Retype the material exactly, ending with the line containing "each defined once".
+ + + +
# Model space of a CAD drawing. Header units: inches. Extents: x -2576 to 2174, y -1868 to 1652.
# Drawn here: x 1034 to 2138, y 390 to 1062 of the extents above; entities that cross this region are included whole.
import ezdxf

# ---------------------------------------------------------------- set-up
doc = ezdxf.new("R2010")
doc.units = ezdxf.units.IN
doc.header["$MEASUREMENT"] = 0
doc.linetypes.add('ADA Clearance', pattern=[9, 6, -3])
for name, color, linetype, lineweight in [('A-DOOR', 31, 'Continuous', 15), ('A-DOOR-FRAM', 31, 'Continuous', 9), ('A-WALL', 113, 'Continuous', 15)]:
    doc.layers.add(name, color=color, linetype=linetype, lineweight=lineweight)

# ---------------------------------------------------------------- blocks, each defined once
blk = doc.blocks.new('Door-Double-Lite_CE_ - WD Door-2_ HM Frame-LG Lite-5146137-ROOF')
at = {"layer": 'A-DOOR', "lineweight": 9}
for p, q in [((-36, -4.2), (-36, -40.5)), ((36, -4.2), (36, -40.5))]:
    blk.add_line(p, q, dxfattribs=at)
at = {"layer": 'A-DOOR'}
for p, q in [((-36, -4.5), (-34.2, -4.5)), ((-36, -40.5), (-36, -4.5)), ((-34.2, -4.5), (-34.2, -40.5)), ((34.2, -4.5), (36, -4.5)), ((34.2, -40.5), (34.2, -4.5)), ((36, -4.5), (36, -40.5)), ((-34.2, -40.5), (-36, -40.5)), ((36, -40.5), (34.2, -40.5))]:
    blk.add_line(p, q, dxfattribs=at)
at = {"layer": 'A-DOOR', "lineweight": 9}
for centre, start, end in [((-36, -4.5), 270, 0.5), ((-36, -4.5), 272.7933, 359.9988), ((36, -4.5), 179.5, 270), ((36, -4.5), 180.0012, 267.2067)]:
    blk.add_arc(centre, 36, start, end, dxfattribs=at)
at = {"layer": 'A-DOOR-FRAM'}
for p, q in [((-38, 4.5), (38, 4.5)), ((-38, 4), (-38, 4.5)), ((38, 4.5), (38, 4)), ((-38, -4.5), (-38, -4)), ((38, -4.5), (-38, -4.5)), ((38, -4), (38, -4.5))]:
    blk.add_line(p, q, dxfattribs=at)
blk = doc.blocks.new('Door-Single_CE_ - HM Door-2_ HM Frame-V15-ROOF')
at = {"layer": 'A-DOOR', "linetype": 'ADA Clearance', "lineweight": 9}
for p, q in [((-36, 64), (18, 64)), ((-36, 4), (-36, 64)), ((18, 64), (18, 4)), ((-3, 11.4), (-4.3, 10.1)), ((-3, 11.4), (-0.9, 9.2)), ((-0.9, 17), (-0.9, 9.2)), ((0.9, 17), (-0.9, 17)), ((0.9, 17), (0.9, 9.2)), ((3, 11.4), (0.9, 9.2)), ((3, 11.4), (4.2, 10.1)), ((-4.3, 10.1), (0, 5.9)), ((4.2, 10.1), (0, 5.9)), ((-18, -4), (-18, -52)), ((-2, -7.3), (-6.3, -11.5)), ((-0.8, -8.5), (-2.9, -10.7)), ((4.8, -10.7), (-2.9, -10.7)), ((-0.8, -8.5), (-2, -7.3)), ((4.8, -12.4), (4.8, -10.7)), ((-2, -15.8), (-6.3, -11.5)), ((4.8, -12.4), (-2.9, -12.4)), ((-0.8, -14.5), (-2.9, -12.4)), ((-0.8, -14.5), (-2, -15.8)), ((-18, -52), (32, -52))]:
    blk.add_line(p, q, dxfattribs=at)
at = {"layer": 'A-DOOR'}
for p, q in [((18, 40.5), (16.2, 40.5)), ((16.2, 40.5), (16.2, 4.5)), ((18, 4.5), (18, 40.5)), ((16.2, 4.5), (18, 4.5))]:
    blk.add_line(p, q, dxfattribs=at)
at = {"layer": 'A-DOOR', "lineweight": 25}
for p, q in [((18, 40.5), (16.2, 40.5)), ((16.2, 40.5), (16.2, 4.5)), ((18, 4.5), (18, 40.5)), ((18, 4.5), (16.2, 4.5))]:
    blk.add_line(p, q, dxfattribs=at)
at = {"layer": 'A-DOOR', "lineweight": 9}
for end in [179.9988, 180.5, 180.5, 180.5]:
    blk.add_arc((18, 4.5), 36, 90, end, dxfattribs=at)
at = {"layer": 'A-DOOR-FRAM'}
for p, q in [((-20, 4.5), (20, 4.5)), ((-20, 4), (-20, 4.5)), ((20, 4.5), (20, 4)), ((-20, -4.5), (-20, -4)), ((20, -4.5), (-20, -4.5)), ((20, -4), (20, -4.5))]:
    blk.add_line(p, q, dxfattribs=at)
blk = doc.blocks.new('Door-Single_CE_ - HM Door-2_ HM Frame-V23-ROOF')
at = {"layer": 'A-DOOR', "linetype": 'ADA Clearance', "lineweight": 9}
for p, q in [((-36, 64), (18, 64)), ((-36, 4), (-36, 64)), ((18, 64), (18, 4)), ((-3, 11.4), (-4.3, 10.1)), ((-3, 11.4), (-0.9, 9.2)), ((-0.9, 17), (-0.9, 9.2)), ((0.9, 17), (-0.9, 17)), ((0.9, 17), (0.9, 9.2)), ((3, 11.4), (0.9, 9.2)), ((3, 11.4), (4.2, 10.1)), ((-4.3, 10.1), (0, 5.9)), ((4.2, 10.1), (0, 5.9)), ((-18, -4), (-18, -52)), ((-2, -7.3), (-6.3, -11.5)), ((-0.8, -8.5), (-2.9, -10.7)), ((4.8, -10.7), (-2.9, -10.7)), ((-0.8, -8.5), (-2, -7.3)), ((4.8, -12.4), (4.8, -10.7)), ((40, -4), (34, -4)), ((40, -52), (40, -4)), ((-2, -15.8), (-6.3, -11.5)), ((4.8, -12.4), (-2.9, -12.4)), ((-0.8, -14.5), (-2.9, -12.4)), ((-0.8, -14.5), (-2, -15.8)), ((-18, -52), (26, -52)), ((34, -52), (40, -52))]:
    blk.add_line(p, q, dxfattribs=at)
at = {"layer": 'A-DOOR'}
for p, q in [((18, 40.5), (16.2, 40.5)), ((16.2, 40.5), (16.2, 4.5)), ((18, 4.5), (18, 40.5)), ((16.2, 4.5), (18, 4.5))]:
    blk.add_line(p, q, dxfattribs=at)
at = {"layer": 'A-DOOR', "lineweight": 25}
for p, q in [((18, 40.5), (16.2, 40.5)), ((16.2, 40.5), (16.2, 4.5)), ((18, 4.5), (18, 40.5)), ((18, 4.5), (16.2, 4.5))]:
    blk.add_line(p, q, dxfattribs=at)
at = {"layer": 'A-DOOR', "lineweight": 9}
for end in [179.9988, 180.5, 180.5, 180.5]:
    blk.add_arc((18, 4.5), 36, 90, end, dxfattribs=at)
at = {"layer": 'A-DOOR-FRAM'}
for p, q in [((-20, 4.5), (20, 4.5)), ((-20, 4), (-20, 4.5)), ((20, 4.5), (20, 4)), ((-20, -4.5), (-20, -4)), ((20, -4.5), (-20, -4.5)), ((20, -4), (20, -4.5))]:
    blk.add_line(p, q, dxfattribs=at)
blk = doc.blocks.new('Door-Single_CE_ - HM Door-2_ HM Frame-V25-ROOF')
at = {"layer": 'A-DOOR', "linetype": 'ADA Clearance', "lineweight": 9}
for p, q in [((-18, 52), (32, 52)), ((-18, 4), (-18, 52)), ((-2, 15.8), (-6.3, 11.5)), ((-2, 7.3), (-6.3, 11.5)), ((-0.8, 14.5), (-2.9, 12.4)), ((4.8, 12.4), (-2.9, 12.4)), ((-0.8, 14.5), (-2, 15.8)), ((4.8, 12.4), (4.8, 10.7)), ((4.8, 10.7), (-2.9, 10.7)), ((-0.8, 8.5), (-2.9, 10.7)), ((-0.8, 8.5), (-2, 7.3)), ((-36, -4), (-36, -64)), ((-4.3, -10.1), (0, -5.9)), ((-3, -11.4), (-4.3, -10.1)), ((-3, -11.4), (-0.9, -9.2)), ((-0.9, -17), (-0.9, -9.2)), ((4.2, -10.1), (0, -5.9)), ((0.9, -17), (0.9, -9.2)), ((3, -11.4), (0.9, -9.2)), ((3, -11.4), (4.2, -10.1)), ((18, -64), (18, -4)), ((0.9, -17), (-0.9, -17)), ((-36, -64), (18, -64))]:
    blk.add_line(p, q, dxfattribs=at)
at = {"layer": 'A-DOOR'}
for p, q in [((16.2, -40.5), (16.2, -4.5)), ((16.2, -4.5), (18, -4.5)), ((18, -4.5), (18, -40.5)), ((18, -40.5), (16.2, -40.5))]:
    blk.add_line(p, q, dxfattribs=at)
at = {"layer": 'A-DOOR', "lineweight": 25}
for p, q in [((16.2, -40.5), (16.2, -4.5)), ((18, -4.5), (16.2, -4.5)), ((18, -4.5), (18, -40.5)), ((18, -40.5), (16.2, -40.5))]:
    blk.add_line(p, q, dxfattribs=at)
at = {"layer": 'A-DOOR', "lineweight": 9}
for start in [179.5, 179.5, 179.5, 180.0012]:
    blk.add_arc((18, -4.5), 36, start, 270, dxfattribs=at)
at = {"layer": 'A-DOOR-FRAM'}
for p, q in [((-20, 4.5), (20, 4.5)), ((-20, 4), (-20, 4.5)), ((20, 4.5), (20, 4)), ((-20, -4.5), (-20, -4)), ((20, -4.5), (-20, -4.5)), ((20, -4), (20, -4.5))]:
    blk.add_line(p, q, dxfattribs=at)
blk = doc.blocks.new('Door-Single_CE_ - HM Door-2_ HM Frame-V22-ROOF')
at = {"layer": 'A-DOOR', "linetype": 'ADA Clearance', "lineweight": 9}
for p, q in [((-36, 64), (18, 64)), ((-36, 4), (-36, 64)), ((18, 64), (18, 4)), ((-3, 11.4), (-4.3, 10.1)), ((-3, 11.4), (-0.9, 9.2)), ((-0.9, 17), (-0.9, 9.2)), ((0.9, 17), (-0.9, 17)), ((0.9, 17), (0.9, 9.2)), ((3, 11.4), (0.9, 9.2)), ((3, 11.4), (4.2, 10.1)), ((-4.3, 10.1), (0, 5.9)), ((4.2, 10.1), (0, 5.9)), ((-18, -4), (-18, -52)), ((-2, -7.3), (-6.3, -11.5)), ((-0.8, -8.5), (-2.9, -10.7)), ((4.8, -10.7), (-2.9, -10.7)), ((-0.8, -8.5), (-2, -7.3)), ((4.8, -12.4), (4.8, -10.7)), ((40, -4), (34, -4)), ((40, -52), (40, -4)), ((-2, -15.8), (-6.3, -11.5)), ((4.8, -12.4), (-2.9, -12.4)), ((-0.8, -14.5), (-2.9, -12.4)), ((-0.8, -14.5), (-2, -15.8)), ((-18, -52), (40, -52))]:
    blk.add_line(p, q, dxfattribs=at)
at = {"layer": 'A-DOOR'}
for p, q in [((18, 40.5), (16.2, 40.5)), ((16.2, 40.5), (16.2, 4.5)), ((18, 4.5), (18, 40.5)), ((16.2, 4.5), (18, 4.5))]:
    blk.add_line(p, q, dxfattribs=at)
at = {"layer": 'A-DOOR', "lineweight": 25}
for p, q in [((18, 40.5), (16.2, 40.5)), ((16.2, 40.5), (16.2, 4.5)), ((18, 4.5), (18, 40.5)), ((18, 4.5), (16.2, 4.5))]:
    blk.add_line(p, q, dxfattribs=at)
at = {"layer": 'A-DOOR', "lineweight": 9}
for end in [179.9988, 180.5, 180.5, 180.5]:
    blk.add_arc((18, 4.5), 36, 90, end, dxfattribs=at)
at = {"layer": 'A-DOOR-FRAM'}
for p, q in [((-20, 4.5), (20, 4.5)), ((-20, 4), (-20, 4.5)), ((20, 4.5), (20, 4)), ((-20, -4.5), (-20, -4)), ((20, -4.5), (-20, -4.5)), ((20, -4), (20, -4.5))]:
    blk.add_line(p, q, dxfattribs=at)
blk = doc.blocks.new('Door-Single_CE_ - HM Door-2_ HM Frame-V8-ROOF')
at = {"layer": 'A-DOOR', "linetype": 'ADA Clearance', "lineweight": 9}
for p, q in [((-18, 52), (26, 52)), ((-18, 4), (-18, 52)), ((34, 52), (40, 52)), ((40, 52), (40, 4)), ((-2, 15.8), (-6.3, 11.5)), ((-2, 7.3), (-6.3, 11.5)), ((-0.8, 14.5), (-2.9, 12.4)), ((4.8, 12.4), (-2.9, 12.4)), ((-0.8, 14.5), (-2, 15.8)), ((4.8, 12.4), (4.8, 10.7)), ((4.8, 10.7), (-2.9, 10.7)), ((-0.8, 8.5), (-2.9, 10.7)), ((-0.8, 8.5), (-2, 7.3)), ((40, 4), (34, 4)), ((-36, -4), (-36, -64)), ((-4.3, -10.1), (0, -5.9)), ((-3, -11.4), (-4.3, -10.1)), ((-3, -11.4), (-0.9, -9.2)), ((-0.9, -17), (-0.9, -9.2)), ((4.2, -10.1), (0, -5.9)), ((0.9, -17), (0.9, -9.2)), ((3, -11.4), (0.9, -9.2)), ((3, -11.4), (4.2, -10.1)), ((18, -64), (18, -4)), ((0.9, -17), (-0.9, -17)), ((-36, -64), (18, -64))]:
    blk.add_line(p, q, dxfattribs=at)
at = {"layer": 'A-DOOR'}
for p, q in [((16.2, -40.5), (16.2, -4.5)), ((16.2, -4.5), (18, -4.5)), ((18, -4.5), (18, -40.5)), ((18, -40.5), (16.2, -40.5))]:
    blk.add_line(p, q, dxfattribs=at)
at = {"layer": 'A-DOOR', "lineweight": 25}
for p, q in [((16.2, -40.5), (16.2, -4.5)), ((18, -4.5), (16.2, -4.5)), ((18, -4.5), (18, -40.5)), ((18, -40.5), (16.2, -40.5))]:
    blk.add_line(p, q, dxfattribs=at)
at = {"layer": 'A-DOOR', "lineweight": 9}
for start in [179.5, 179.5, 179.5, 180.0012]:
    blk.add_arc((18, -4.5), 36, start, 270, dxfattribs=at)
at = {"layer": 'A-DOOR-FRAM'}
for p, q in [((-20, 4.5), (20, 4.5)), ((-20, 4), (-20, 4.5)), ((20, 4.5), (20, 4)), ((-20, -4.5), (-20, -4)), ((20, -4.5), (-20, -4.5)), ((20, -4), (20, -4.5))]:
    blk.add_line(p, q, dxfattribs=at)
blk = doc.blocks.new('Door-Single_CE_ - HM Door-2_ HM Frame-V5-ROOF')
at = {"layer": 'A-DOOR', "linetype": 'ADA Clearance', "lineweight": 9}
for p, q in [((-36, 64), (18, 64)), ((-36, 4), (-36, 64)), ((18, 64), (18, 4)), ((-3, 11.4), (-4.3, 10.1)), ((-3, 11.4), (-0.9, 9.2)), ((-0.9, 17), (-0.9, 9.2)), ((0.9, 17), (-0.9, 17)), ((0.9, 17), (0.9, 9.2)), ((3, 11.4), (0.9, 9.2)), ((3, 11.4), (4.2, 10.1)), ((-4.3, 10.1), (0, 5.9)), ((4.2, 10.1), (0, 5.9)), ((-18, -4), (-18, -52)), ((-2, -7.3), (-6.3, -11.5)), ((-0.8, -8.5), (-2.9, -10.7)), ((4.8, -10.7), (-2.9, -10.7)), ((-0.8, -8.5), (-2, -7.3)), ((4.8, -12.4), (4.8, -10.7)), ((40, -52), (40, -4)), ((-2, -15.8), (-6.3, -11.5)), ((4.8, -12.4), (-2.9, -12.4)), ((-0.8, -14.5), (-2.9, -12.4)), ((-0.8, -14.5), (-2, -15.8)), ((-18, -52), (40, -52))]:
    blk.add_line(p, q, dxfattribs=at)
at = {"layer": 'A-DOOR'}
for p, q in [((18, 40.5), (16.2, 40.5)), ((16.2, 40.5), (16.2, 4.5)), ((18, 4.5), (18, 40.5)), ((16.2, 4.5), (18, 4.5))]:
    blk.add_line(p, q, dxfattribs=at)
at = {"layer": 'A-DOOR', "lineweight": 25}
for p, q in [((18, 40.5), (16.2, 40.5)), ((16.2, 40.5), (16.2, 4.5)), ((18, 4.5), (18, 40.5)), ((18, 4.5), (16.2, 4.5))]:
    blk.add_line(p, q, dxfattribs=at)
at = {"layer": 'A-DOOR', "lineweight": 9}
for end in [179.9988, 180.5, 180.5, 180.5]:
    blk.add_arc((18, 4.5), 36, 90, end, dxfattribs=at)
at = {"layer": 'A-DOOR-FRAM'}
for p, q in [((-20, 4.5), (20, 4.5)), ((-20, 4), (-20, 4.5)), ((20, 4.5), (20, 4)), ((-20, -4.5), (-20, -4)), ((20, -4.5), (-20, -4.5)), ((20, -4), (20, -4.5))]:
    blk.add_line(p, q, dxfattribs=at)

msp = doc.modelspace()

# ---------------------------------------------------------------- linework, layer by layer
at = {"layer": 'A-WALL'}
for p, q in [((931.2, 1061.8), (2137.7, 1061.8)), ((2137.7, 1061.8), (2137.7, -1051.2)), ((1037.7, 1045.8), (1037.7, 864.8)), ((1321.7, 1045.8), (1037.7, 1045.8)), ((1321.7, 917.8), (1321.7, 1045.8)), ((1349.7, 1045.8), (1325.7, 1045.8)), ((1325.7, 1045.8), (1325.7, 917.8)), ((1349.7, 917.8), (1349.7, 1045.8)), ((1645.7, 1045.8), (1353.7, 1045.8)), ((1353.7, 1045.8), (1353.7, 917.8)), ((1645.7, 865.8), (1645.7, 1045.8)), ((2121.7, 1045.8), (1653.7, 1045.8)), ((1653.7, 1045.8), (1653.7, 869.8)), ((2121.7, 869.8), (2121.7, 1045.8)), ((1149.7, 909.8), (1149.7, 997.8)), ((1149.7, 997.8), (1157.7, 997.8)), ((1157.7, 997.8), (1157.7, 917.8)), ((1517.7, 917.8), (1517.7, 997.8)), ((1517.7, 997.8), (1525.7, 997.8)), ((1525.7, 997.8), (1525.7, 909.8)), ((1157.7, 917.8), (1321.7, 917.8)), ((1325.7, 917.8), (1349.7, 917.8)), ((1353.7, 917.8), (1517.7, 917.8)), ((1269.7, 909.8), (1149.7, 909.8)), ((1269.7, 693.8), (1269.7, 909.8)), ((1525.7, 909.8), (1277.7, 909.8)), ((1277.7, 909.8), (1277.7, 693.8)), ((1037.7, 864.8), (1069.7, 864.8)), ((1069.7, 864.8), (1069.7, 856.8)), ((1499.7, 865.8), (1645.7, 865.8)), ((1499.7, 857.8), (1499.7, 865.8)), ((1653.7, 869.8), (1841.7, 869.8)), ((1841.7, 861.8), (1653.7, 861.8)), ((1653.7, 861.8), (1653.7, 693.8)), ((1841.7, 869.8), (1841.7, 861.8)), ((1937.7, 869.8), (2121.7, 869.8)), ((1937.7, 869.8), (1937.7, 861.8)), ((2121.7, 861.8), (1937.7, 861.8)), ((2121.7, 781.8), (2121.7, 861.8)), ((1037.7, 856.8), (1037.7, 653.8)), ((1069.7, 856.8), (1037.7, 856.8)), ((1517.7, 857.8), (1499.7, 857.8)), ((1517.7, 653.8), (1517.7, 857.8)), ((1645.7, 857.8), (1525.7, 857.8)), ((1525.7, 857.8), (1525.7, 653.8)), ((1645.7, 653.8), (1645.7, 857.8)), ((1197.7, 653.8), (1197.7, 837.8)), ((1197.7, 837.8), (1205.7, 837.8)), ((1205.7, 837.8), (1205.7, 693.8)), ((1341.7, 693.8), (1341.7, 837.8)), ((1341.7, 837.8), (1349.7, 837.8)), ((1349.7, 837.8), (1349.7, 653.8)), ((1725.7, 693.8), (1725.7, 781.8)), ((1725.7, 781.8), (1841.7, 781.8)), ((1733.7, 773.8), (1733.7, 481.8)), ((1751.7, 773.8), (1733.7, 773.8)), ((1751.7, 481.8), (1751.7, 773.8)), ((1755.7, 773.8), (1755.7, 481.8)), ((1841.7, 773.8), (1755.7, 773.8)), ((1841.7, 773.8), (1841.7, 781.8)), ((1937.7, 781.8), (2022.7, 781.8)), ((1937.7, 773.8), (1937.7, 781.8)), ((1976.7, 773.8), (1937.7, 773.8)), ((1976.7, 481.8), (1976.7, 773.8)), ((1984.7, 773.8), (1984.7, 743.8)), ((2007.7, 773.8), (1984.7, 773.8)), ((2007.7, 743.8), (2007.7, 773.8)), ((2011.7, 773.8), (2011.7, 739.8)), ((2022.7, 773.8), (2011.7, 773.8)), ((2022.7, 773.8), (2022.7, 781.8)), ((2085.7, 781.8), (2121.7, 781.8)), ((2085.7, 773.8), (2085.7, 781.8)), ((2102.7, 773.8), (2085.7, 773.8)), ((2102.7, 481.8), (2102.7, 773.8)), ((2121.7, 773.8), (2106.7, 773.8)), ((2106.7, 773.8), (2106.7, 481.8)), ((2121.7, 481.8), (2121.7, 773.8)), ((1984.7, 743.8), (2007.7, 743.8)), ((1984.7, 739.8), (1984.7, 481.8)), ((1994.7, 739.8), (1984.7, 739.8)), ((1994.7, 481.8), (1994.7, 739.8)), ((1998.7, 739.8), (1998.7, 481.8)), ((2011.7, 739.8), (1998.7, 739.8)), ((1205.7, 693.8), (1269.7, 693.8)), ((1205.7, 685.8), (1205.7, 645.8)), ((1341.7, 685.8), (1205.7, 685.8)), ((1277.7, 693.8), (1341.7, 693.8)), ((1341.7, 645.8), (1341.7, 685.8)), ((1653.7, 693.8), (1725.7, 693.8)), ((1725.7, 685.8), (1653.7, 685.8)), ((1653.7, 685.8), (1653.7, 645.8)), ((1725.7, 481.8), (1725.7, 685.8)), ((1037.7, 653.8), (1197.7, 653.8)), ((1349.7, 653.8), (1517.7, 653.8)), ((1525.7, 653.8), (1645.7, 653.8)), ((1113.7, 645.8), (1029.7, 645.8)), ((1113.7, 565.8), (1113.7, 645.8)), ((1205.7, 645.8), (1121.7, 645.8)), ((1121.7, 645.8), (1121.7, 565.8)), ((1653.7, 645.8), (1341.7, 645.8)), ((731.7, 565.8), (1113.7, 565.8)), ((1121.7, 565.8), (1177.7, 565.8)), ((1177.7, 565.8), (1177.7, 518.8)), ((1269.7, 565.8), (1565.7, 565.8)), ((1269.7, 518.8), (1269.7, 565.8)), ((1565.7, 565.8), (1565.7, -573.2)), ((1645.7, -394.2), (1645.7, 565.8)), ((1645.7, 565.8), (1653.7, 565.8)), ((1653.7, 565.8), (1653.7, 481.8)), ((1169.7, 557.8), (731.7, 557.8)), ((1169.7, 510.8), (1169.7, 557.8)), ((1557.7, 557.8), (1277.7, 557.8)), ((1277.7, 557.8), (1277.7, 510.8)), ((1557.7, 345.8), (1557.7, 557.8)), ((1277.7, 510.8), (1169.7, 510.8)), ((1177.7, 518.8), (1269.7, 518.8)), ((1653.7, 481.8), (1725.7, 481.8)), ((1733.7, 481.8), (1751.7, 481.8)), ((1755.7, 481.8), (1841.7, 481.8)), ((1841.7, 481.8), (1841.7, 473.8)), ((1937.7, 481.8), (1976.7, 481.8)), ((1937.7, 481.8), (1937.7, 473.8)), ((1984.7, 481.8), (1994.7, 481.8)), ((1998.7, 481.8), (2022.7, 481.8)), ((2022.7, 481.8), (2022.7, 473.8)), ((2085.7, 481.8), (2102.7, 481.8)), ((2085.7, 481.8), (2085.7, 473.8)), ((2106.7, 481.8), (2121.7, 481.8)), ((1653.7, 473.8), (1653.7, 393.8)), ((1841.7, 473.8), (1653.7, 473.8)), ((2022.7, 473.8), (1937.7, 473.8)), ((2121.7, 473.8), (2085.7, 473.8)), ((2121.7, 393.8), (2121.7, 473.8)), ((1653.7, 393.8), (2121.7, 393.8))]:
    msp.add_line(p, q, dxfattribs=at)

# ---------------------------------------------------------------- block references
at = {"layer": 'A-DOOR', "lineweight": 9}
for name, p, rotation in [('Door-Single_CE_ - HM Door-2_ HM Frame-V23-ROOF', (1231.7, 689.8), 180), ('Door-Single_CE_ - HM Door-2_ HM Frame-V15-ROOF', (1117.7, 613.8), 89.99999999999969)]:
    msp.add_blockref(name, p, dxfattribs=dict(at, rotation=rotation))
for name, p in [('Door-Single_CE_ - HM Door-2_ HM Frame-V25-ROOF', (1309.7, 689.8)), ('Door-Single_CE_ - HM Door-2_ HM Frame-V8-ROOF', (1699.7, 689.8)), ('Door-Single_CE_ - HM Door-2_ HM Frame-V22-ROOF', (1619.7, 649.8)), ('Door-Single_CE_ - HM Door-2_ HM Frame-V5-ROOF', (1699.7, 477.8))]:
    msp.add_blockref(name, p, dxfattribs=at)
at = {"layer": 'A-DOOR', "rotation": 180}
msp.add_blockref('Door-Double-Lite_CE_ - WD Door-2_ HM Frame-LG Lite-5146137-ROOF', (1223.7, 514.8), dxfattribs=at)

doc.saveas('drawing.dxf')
+ + + +
» **The completed task**:
# Model space of a CAD drawing. Header units: inches. Extents: x -2576 to 2174, y -1868 to 1652.
# Drawn here: x 1034 to 2138, y 390 to 1062 of the extents above; entities that cross this region are included whole.
import ezdxf

# ---------------------------------------------------------------- set-up
doc = ezdxf.new("R2010")
doc.units = ezdxf.units.IN
doc.header["$MEASUREMENT"] = 0
doc.linetypes.add('ADA Clearance', pattern=[9, 6, -3])
for name, color, linetype, lineweight in [('A-DOOR', 31, 'Continuous', 15), ('A-DOOR-FRAM', 31, 'Continuous', 9), ('A-WALL', 113, 'Continuous', 15)]:
    doc.layers.add(name, color=color, linetype=linetype, lineweight=lineweight)

# ---------------------------------------------------------------- blocks, each defined once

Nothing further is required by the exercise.